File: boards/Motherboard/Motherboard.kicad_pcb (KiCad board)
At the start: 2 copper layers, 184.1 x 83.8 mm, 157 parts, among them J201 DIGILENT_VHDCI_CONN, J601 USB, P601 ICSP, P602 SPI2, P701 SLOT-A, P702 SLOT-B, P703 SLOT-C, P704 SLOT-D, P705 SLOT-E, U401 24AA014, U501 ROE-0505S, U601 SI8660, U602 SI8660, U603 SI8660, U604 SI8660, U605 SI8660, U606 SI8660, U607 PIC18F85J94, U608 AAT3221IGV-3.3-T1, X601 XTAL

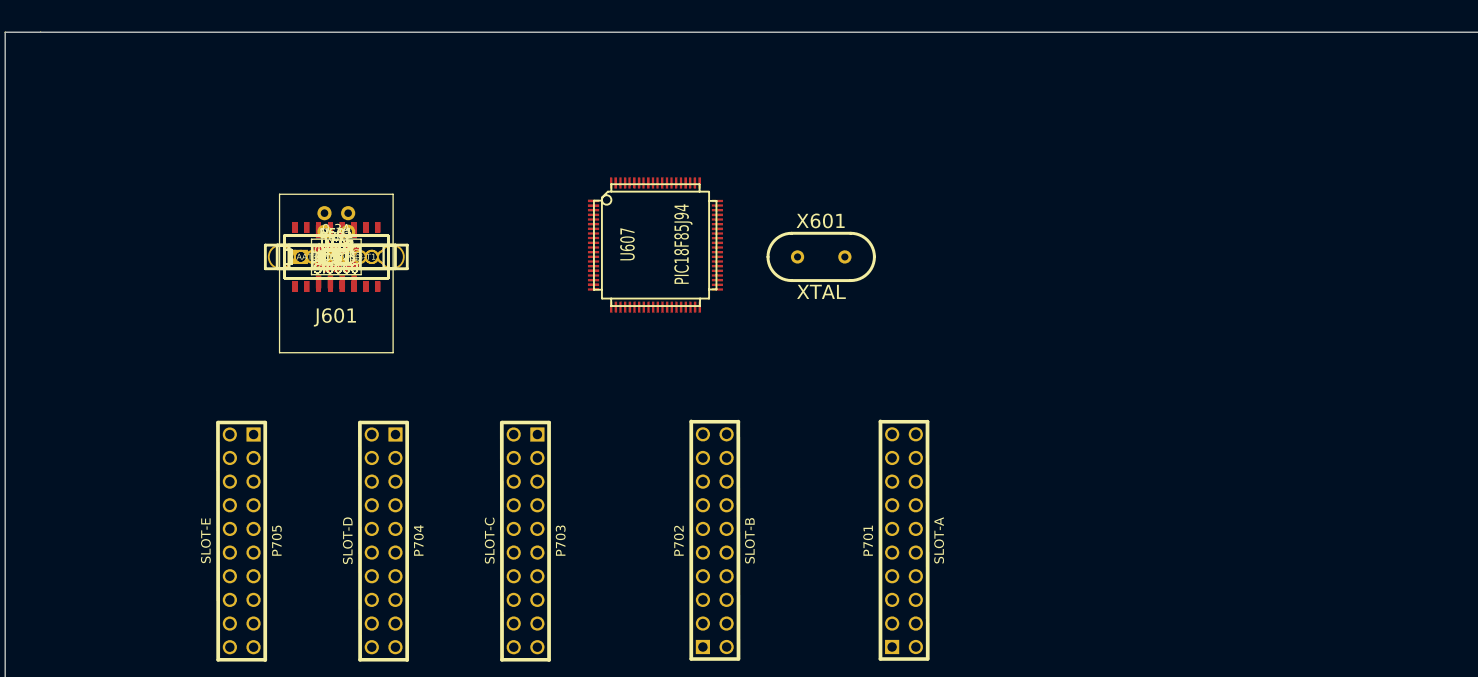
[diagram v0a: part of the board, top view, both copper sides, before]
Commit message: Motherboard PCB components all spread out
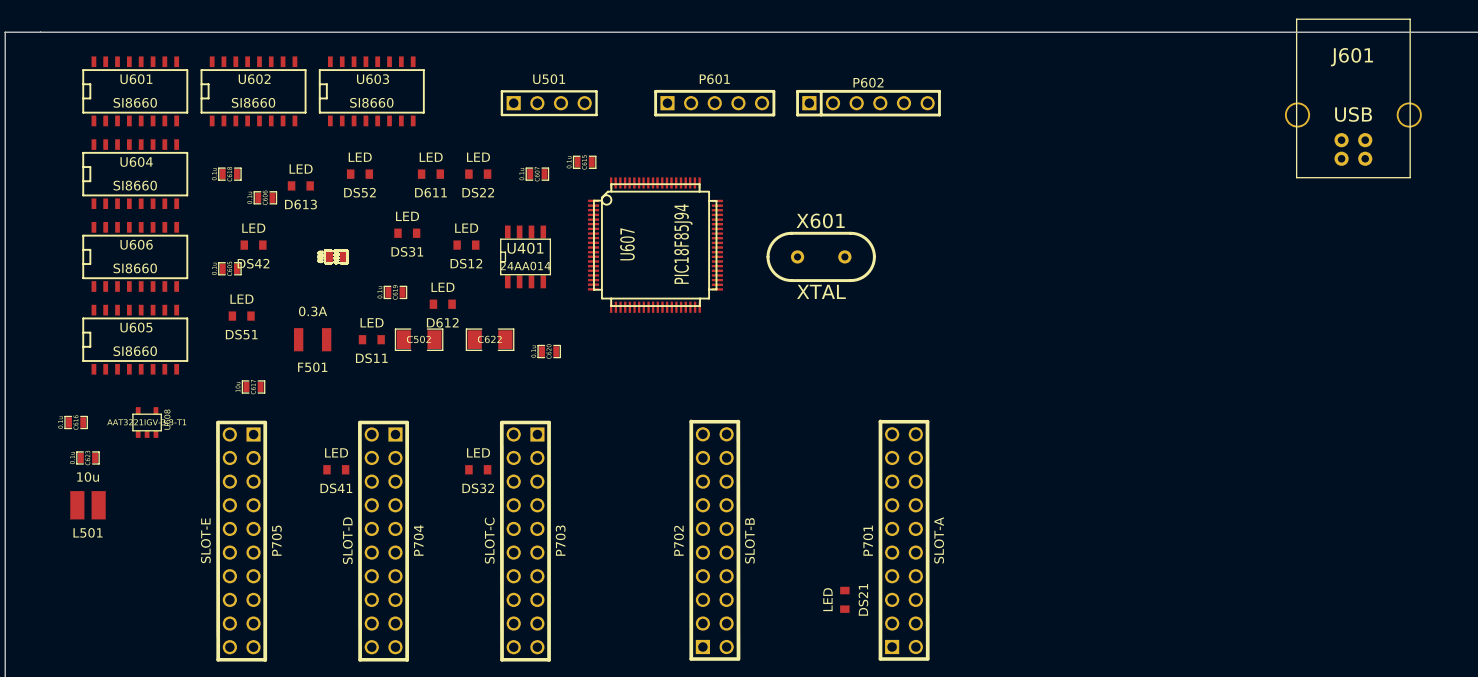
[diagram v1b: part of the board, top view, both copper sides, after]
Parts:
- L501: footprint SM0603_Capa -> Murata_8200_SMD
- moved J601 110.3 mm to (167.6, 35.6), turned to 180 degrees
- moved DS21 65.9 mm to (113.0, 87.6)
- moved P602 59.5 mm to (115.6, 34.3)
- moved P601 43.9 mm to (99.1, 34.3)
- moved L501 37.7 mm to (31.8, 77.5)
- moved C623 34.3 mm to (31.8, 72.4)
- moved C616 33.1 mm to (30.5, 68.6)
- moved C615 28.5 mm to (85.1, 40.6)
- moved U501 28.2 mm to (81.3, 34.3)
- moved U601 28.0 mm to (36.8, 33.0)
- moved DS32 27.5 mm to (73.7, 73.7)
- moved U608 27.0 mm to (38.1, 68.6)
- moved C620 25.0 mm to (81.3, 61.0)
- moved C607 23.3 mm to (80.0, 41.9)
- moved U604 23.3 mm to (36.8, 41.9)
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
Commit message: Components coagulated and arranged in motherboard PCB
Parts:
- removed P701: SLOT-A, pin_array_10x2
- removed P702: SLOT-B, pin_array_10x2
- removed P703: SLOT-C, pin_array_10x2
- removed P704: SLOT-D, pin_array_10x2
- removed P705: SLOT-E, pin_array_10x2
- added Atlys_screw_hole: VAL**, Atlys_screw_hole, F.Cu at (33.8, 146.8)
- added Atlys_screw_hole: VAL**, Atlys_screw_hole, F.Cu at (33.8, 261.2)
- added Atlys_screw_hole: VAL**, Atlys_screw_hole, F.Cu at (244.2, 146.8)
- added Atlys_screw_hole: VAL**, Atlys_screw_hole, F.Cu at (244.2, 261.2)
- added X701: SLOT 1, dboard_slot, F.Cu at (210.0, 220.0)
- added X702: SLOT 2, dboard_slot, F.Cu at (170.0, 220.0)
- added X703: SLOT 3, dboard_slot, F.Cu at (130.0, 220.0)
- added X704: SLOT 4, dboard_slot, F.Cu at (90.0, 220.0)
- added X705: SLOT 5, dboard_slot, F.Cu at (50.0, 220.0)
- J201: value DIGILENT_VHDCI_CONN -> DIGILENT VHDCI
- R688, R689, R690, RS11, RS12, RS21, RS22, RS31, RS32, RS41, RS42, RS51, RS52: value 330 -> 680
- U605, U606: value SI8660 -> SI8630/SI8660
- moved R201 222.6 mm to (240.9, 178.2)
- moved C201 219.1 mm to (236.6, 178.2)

Problem statement =
Give again, word for word, every line from the top of the data through the line with "- added X705: SLOT", both ends included, and exclude the pictures.

Solution to this problem =
File: boards/Motherboard/Motherboard.kicad_pcb (KiCad board)
At the start: 2 copper layers, 184.1 x 83.8 mm, 157 parts, among them J201 DIGILENT_VHDCI_CONN, J601 USB, P601 ICSP, P602 SPI2, P701 SLOT-A, P702 SLOT-B, P703 SLOT-C, P704 SLOT-D, P705 SLOT-E, U401 24AA014, U501 ROE-0505S, U601 SI8660, U602 SI8660, U603 SI8660, U604 SI8660, U605 SI8660, U606 SI8660, U607 PIC18F85J94, U608 AAT3221IGV-3.3-T1, X601 XTAL

[diagram v0a: part of the board, top view, both copper sides, before]
Commit message: Motherboard PCB components all spread out
[diagram v1b: part of the board, top view, both copper sides, after]
Parts:
- L501: footprint SM0603_Capa -> Murata_8200_SMD
- moved J601 110.3 mm to (167.6, 35.6), turned to 180 degrees
- moved DS21 65.9 mm to (113.0, 87.6)
- moved P602 59.5 mm to (115.6, 34.3)
- moved P601 43.9 mm to (99.1, 34.3)
- moved L501 37.7 mm to (31.8, 77.5)
- moved C623 34.3 mm to (31.8, 72.4)
- moved C616 33.1 mm to (30.5, 68.6)
- moved C615 28.5 mm to (85.1, 40.6)
- moved U501 28.2 mm to (81.3, 34.3)
- moved U601 28.0 mm to (36.8, 33.0)
- moved DS32 27.5 mm to (73.7, 73.7)
- moved U608 27.0 mm to (38.1, 68.6)
- moved C620 25.0 mm to (81.3, 61.0)
- moved C607 23.3 mm to (80.0, 41.9)
- moved U604 23.3 mm to (36.8, 41.9)

Commit message: Components coagulated and arranged in motherboard PCB
Parts:
- removed P701: SLOT-A, pin_array_10x2
- removed P702: SLOT-B, pin_array_10x2
- removed P703: SLOT-C, pin_array_10x2
- removed P704: SLOT-D, pin_array_10x2
- removed P705: SLOT-E, pin_array_10x2
- added Atlys_screw_hole: VAL**, Atlys_screw_hole, F.Cu at (33.8, 146.8)
- added Atlys_screw_hole: VAL**, Atlys_screw_hole, F.Cu at (33.8, 261.2)
- added Atlys_screw_hole: VAL**, Atlys_screw_hole, F.Cu at (244.2, 146.8)
- added Atlys_screw_hole: VAL**, Atlys_screw_hole, F.Cu at (244.2, 261.2)
- added X701: SLOT 1, dboard_slot, F.Cu at (210.0, 220.0)
- added X702: SLOT 2, dboard_slot, F.Cu at (170.0, 220.0)
- added X703: SLOT 3, dboard_slot, F.Cu at (130.0, 220.0)
- added X704: SLOT 4, dboard_slot, F.Cu at (90.0, 220.0)
- added X705: SLOT 5, dboard_slot, F.Cu at (50.0, 220.0)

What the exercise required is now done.